» **Input records**
_ _ _ _ _ _ _

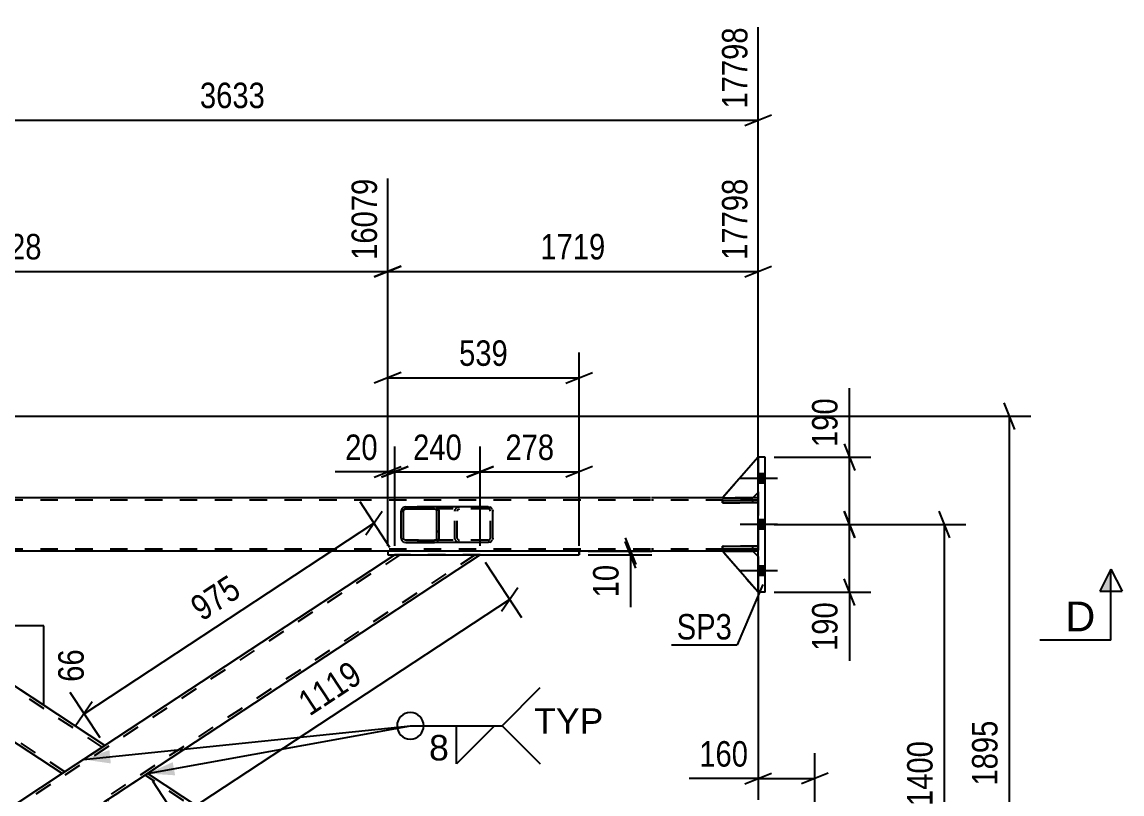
# Model space of a CAD drawing. Header units: millimetres. Extents: x -815 to 374, y -743 to 98.
# Drawn here: x -166.5 to -42.8, y -408.5 to -321.7 of the extents above; entities that cross this region are included whole.
import ezdxf

# ---------------------------------------------------------------- set-up
doc = ezdxf.new("R2010")
doc.units = ezdxf.units.MM
doc.linetypes.add('DXK_LINE_DOT2', pattern=[3.9198, 1.9599, -1.9599])
doc.styles.add('Arial', font='ARIAL.TTF', dxfattribs={"height": 0.2})
doc.styles.add('Arial Narrow', font='ARIALN.TTF', dxfattribs={"height": 0.2})

# ---------------------------------------------------------------- blocks, each defined once
blk = doc.blocks.new('Bolt-232933173-2518 - 2504')
at = {"linetype": 'Continuous'}
for points in [[(-83.7, -372.51), (-83.7, -373.55), (-82.9, -373.55), (-82.9, -372.51)], [(-83.7, -372.51), (-83.7, -373.55), (-82.9, -373.55), (-82.9, -372.51)], [(-83.7, -372.51), (-83.7, -373.55), (-82.9, -373.55), (-82.9, -372.51)], [(-83.7, -377.71), (-83.7, -378.75), (-82.9, -378.75), (-82.9, -377.71)], [(-83.7, -377.71), (-83.7, -378.75), (-82.9, -378.75), (-82.9, -377.71)], [(-83.7, -382.91), (-83.7, -383.95), (-82.9, -383.95), (-82.9, -382.91)], [(-83.7, -382.91), (-83.7, -383.95), (-82.9, -383.95), (-82.9, -382.91)], [(-83.7, -382.91), (-83.7, -383.95), (-82.9, -383.95), (-82.9, -382.91)]]:
    blk.add_hatch(color=1, dxfattribs=at).paths.add_polyline_path(points)
at = {"color": 1, "linetype": 'Continuous'}
for p, q in [((-81.5, -373.03), (-85.7, -373.03)), ((-81.5, -373.03), (-85.7, -373.03)), ((-81.5, -373.03), (-85.7, -373.03)), ((-82.9, -372.51), (-83.7, -372.51)), ((-82.9, -372.51), (-83.7, -372.51)), ((-82.9, -372.51), (-83.7, -372.51)), ((-82.9, -373.55), (-83.7, -373.55)), ((-82.9, -373.55), (-83.7, -373.55)), ((-82.9, -373.55), (-83.7, -373.55)), ((-81.5, -378.23), (-85.7, -378.23)), ((-81.5, -378.23), (-85.7, -378.23)), ((-82.9, -377.71), (-83.7, -377.71)), ((-82.9, -377.71), (-83.7, -377.71)), ((-82.9, -378.75), (-83.7, -378.75)), ((-82.9, -378.75), (-83.7, -378.75)), ((-81.5, -383.43), (-85.7, -383.43)), ((-81.5, -383.43), (-85.7, -383.43)), ((-81.5, -383.43), (-85.7, -383.43)), ((-82.9, -382.91), (-83.7, -382.91)), ((-82.9, -382.91), (-83.7, -382.91)), ((-82.9, -382.91), (-83.7, -382.91)), ((-82.9, -383.95), (-83.7, -383.95)), ((-82.9, -383.95), (-83.7, -383.95)), ((-82.9, -383.95), (-83.7, -383.95))]:
    blk.add_line(p, q, dxfattribs=at)
blk = doc.blocks.new('Part-232933173-2548 - 2504')
at = {"color": 7, "linetype": 'DXK_LINE_DOT2'}
for p, q in [((-83.7, -380.67), (-87.7, -380.67)), ((-87.7, -380.67), (-87.7, -380.99)), ((-84.3, -380.99), (-84.3, -380.67)), ((-83.7, -380.99), (-83.7, -380.67)), ((-87.7, -380.99), (-83.7, -380.99))]:
    blk.add_line(p, q, dxfattribs=at)
blk = doc.blocks.new('Part-232933173-2549 - 2504')
at = {"color": 7, "linetype": 'DXK_LINE_DOT2'}
for p, q in [((-83.7, -375.47), (-87.7, -375.47)), ((-87.7, -375.47), (-87.7, -375.79)), ((-87.7, -375.79), (-83.7, -375.79)), ((-84.3, -375.79), (-84.3, -375.47)), ((-83.7, -375.79), (-83.7, -375.47))]:
    blk.add_line(p, q, dxfattribs=at)
blk = doc.blocks.new('Part-232933173-2550 - 2504')
at = {"color": 2, "linetype": 'Continuous'}
for p, q in [((-87.7, -380.67), (-83.7, -380.67)), ((-87.7, -380.99), (-87.7, -380.67)), ((-83.7, -380.67), (-83.7, -380.99)), ((-83.7, -380.99), (-87.7, -380.99))]:
    blk.add_line(p, q, dxfattribs=at)
at = {"color": 7, "linetype": 'DXK_LINE_DOT2'}
blk.add_line((-84.3, -380.99), (-84.3, -380.67), dxfattribs=at)
blk = doc.blocks.new('Part-232933173-2551 - 2504')
at = {"color": 2, "linetype": 'Continuous'}
for p, q in [((-87.7, -375.47), (-83.7, -375.47)), ((-87.7, -375.79), (-87.7, -375.47)), ((-83.7, -375.79), (-87.7, -375.79)), ((-83.7, -375.47), (-83.7, -375.79))]:
    blk.add_line(p, q, dxfattribs=at)
at = {"color": 7, "linetype": 'DXK_LINE_DOT2'}
blk.add_line((-84.3, -375.79), (-84.3, -375.47), dxfattribs=at)
blk = doc.blocks.new('Part-232933173-2552 - 2504')
at = {"color": 7, "linetype": 'DXK_LINE_DOT2'}
for p, q in [((-87.7, -381.23), (-84.3, -381.23)), ((-83.7, -385.83), (-87.7, -381.23)), ((-84.3, -381.23), (-83.7, -381.83)), ((-83.7, -381.83), (-83.7, -385.83))]:
    blk.add_line(p, q, dxfattribs=at)
blk = doc.blocks.new('Part-232933173-2553 - 2504')
at = {"color": 2, "linetype": 'Continuous'}
for p, q in [((-87.7, -381.23), (-84.3, -381.23)), ((-83.7, -385.83), (-87.7, -381.23)), ((-84.3, -381.23), (-83.7, -381.83))]:
    blk.add_line(p, q, dxfattribs=at)
at = {"color": 7, "linetype": 'DXK_LINE_DOT2'}
blk.add_line((-83.7, -381.83), (-83.7, -385.83), dxfattribs=at)
blk = doc.blocks.new('Part-232933173-2554 - 2504')
at = {"color": 7, "linetype": 'DXK_LINE_DOT2'}
for p, q in [((-83.7, -370.63), (-87.7, -375.23)), ((-83.7, -374.63), (-83.7, -370.63)), ((-84.3, -375.23), (-83.7, -374.63)), ((-87.7, -375.23), (-84.3, -375.23))]:
    blk.add_line(p, q, dxfattribs=at)
blk = doc.blocks.new('Part-232933173-2555 - 2504')
at = {"color": 2, "linetype": 'Continuous'}
for p, q in [((-83.7, -370.63), (-87.7, -375.23)), ((-84.3, -375.23), (-83.7, -374.63)), ((-87.7, -375.23), (-84.3, -375.23))]:
    blk.add_line(p, q, dxfattribs=at)
at = {"color": 7, "linetype": 'DXK_LINE_DOT2'}
blk.add_line((-83.7, -374.63), (-83.7, -370.63), dxfattribs=at)
blk = doc.blocks.new('Part-232933173-2602 - 2504')
at = {"color": 7, "linetype": 'DXK_LINE_DOT2'}
for p, q in [((-95.8, -375.47), (-768.5, -375.47)), ((-83.7, -375.47), (-95.7, -375.47)), ((-84.3, -375.23), (-87.7, -375.23)), ((-83.7, -381.23), (-83.7, -375.23)), ((-83.7, -375.23), (-83.7, -375.23)), ((-83.7, -375.23), (-83.7, -381.23)), ((-83.7, -375.23), (-83.7, -375.23)), ((-95.8, -380.99), (-768.5, -380.99)), ((-103.8, -381.23), (-125.35, -381.23)), ((-83.7, -380.99), (-95.7, -380.99)), ((-84.3, -381.23), (-87.7, -381.23)), ((-83.7, -381.23), (-83.7, -381.23)), ((-83.7, -381.23), (-83.7, -381.23))]:
    blk.add_line(p, q, dxfattribs=at)
at = {"color": 2, "linetype": 'Continuous'}
for p, q in [((-95.8, -375.23), (-622.38, -375.23)), ((-87.7, -375.23), (-95.7, -375.23)), ((-83.7, -375.23), (-84.3, -375.23)), ((-125.35, -381.23), (-188.94, -381.23)), ((-95.8, -381.23), (-103.8, -381.23)), ((-87.7, -381.23), (-95.7, -381.23)), ((-83.7, -381.23), (-84.3, -381.23))]:
    blk.add_line(p, q, dxfattribs=at)
blk = doc.blocks.new('Part-232933173-3053 - 2504')
at = {"color": 7, "linetype": 'DXK_LINE_DOT2'}
for p, q in [((-123.97, -381.63), (-197.5, -429.99)), ((-115.52, -381.63), (-190.32, -430.83)), ((-114.94, -381.63), (-124.55, -381.63)), ((-157.14, -403.07), (-161.95, -406.23)), ((-152.34, -406.23), (-157.14, -409.39)), ((-197.5, -429.61), (-197.5, -430.82)), ((-189.74, -430.83), (-197.5, -430.83))]:
    blk.add_line(p, q, dxfattribs=at)
at = {"color": 2, "linetype": 'Continuous'}
for p, q in [((-124.55, -381.63), (-157.14, -403.07)), ((-114.94, -381.63), (-152.34, -406.23)), ((-161.95, -406.23), (-197.5, -429.61)), ((-157.14, -409.39), (-189.74, -430.83)), ((-197.5, -430.83), (-197.5, -430.82))]:
    blk.add_line(p, q, dxfattribs=at)
blk = doc.blocks.new('Part-232933173-3057 - 2504')
at = {"linetype": 'Continuous'}
h = blk.add_hatch(dxfattribs=at)
h.set_pattern_fill('', scale=0.7, style=0, pattern_type=0)
h.set_pattern_definition([(45, (-123.7898, -379.9305), (-1.57154, 1.57154), [])])
h.paths.add_polyline_path([(-123.83, -379.75), (-123.79, -379.93), (-123.68, -380.09), (-123.51, -380.19), (-123.32, -380.23), (-120.08, -380.23), (-119.89, -380.19), (-119.72, -380.09), (-119.61, -379.93), (-119.57, -379.75), (-119.57, -376.71), (-119.61, -376.52), (-119.72, -376.37), (-119.89, -376.26), (-120.08, -376.23), (-123.32, -376.23), (-123.51, -376.26), (-123.68, -376.37), (-123.79, -376.52), (-123.83, -376.71)])
h.paths.add_polyline_path([(-123.55, -376.62), (-123.5, -376.54), (-123.42, -376.49), (-123.32, -376.47), (-120.08, -376.47), (-119.99, -376.49), (-119.9, -376.54), (-119.85, -376.62), (-119.83, -376.71), (-119.83, -379.75), (-119.85, -379.84), (-119.9, -379.92), (-119.99, -379.97), (-120.08, -379.99), (-123.32, -379.99), (-123.42, -379.97), (-123.5, -379.92), (-123.55, -379.84), (-123.57, -379.75), (-123.57, -376.71)])
at = {"color": 2, "linetype": 'Continuous'}
for p, q in [((-123.79, -376.52), (-123.83, -376.71)), ((-123.83, -379.75), (-123.83, -376.71)), ((-123.57, -376.71), (-123.55, -376.62)), ((-123.57, -379.75), (-123.57, -376.71)), ((-123.55, -376.62), (-123.5, -376.54)), ((-123.32, -376.23), (-123.51, -376.26)), ((-123.5, -376.54), (-123.42, -376.49)), ((-123.42, -376.49), (-123.32, -376.47)), ((-123.32, -376.23), (-120.08, -376.23)), ((-123.32, -376.47), (-120.08, -376.47)), ((-114.05, -376.23), (-120.08, -376.23)), ((-119.89, -376.26), (-120.08, -376.23)), ((-120.08, -376.47), (-119.99, -376.49)), ((-119.99, -376.49), (-119.9, -376.54)), ((-119.9, -376.54), (-119.85, -376.62)), ((-119.85, -376.62), (-119.83, -376.71)), ((-119.83, -379.75), (-119.83, -376.71)), ((-119.57, -376.71), (-119.61, -376.52)), ((-119.57, -379.75), (-119.57, -376.71)), ((-114.05, -376.23), (-113.86, -376.26)), ((-113.58, -376.52), (-113.54, -376.71)), ((-113.54, -379.75), (-113.54, -376.71)), ((-123.83, -379.75), (-123.79, -379.93)), ((-123.55, -379.84), (-123.57, -379.75)), ((-123.5, -379.92), (-123.55, -379.84)), ((-123.51, -380.19), (-123.32, -380.23)), ((-123.42, -379.97), (-123.5, -379.92)), ((-123.32, -379.99), (-123.42, -379.97)), ((-123.32, -379.99), (-120.08, -379.99)), ((-123.32, -380.23), (-120.08, -380.23)), ((-119.99, -379.97), (-120.08, -379.99)), ((-120.08, -380.23), (-119.89, -380.19)), ((-114.05, -380.23), (-120.08, -380.23)), ((-119.9, -379.92), (-119.99, -379.97)), ((-119.85, -379.84), (-119.9, -379.92)), ((-119.83, -379.75), (-119.85, -379.84)), ((-119.61, -379.93), (-119.57, -379.75)), ((-113.86, -380.19), (-114.05, -380.23)), ((-113.54, -379.75), (-113.58, -379.93))]:
    blk.add_line(p, q, dxfattribs=at)
at = {"color": 7, "linetype": 'DXK_LINE_DOT2'}
for p, q in [((-120.08, -376.23), (-123.32, -376.23)), ((-114.05, -376.47), (-123.32, -376.47)), ((-117.8, -376.71), (-117.76, -376.52)), ((-117.8, -379.75), (-117.8, -376.71)), ((-117.52, -376.62), (-117.54, -376.71)), ((-117.54, -379.75), (-117.54, -376.71)), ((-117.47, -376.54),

_ _ _ _ _ _ _

» **Your goal**
A single number is the whole answer: how many lines in the data above hold the string "Arial".

» **Finished task**
2